**Work to complete:**
Write out the data word for word and omit every picture.

**Data excerpts:**
------------------------------------

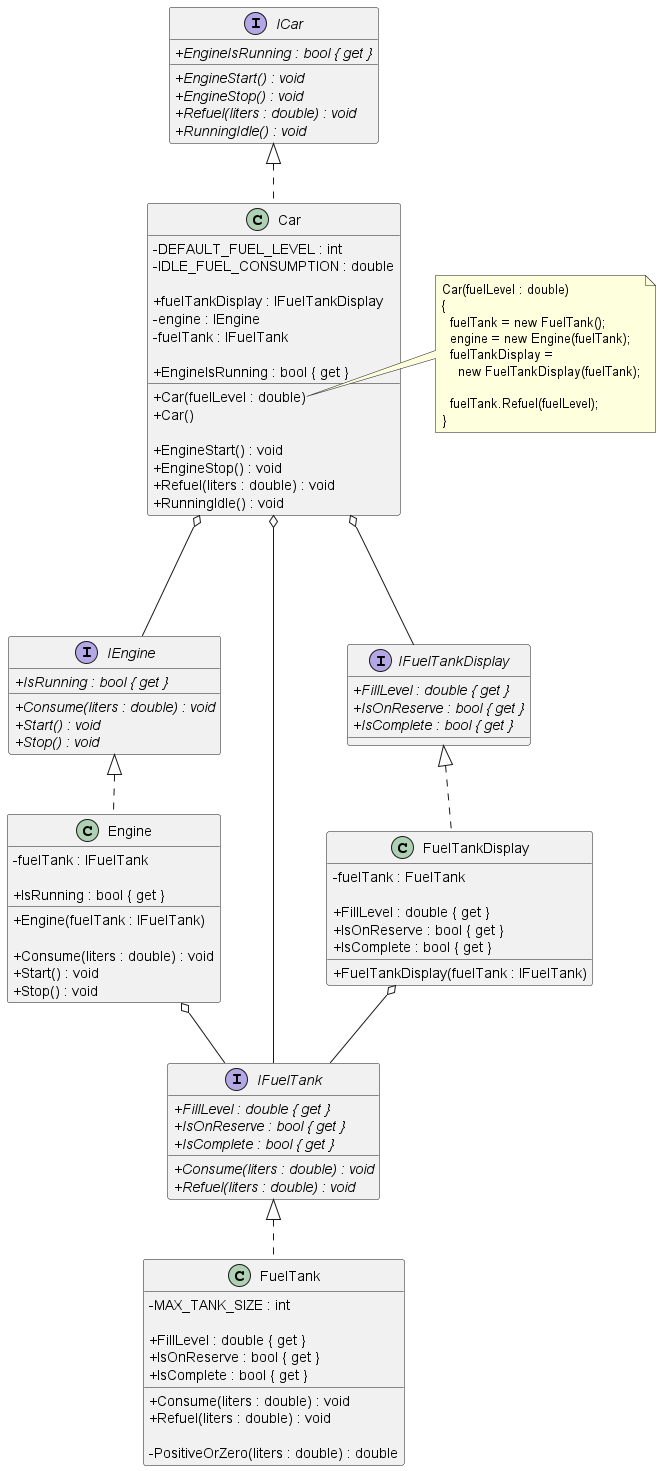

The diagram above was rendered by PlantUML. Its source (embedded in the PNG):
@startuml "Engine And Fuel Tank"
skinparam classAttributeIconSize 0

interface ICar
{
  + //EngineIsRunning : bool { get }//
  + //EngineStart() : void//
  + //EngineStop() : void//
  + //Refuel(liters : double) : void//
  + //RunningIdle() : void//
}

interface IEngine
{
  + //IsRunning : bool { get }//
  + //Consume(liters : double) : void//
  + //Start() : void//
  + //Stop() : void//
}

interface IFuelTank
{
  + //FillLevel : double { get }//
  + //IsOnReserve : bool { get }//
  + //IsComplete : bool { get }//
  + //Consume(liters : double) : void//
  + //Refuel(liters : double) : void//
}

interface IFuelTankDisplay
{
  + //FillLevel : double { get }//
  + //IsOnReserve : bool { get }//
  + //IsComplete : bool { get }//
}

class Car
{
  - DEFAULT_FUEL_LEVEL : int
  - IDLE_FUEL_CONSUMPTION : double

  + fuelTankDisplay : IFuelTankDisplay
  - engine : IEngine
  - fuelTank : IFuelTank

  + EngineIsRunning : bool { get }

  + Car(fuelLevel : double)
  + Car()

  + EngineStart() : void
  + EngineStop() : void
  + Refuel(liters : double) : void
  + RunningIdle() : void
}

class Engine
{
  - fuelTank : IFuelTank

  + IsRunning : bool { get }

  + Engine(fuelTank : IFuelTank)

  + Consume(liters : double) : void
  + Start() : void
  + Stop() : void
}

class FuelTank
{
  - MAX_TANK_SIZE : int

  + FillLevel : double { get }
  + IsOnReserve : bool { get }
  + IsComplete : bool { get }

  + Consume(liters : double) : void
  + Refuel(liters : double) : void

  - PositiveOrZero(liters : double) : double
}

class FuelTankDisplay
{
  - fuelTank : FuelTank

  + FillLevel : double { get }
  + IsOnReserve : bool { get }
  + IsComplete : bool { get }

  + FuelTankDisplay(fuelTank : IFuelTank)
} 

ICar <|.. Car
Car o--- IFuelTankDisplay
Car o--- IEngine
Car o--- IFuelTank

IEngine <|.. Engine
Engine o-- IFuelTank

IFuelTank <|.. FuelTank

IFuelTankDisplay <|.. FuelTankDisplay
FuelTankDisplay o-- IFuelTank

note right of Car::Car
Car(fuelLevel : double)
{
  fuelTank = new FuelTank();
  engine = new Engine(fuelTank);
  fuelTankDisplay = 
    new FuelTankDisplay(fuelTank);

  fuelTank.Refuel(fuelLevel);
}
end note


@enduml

------------------------------------

**Written solution:**
The diagram above was rendered by PlantUML. Its source (embedded in the PNG):
@startuml "Engine And Fuel Tank"
skinparam classAttributeIconSize 0

interface ICar
{
  + //EngineIsRunning : bool { get }//
  + //EngineStart() : void//
  + //EngineStop() : void//
  + //Refuel(liters : double) : void//
  + //RunningIdle() : void//
}

interface IEngine
{
  + //IsRunning : bool { get }//
  + //Consume(liters : double) : void//
  + //Start() : void//
  + //Stop() : void//
}

interface IFuelTank
{
  + //FillLevel : double { get }//
  + //IsOnReserve : bool { get }//
  + //IsComplete : bool { get }//
  + //Consume(liters : double) : void//
  + //Refuel(liters : double) : void//
}

interface IFuelTankDisplay
{
  + //FillLevel : double { get }//
  + //IsOnReserve : bool { get }//
  + //IsComplete : bool { get }//
}

class Car
{
  - DEFAULT_FUEL_LEVEL : int
  - IDLE_FUEL_CONSUMPTION : double

  + fuelTankDisplay : IFuelTankDisplay
  - engine : IEngine
  - fuelTank : IFuelTank

  + EngineIsRunning : bool { get }

  + Car(fuelLevel : double)
  + Car()

  + EngineStart() : void
  + EngineStop() : void
  + Refuel(liters : double) : void
  + RunningIdle() : void
}

class Engine
{
  - fuelTank : IFuelTank

  + IsRunning : bool { get }

  + Engine(fuelTank : IFuelTank)

  + Consume(liters : double) : void
  + Start() : void
  + Stop() : void
}

class FuelTank
{
  - MAX_TANK_SIZE : int

  + FillLevel : double { get }
  + IsOnReserve : bool { get }
  + IsComplete : bool { get }

  + Consume(liters : double) : void
  + Refuel(liters : double) : void

  - PositiveOrZero(liters : double) : double
}

class FuelTankDisplay
{
  - fuelTank : FuelTank

  + FillLevel : double { get }
  + IsOnReserve : bool { get }
  + IsComplete : bool { get }

  + FuelTankDisplay(fuelTank : IFuelTank)
} 

ICar <|.. Car
Car o--- IFuelTankDisplay
Car o--- IEngine
Car o--- IFuelTank

IEngine <|.. Engine
Engine o-- IFuelTank

IFuelTank <|.. FuelTank

IFuelTankDisplay <|.. FuelTankDisplay
FuelTankDisplay o-- IFuelTank

note right of Car::Car
Car(fuelLevel : double)
{
  fuelTank = new FuelTank();
  engine = new Engine(fuelTank);
  fuelTankDisplay = 
    new FuelTankDisplay(fuelTank);

  fuelTank.Refuel(fuelLevel);
}
end note


@enduml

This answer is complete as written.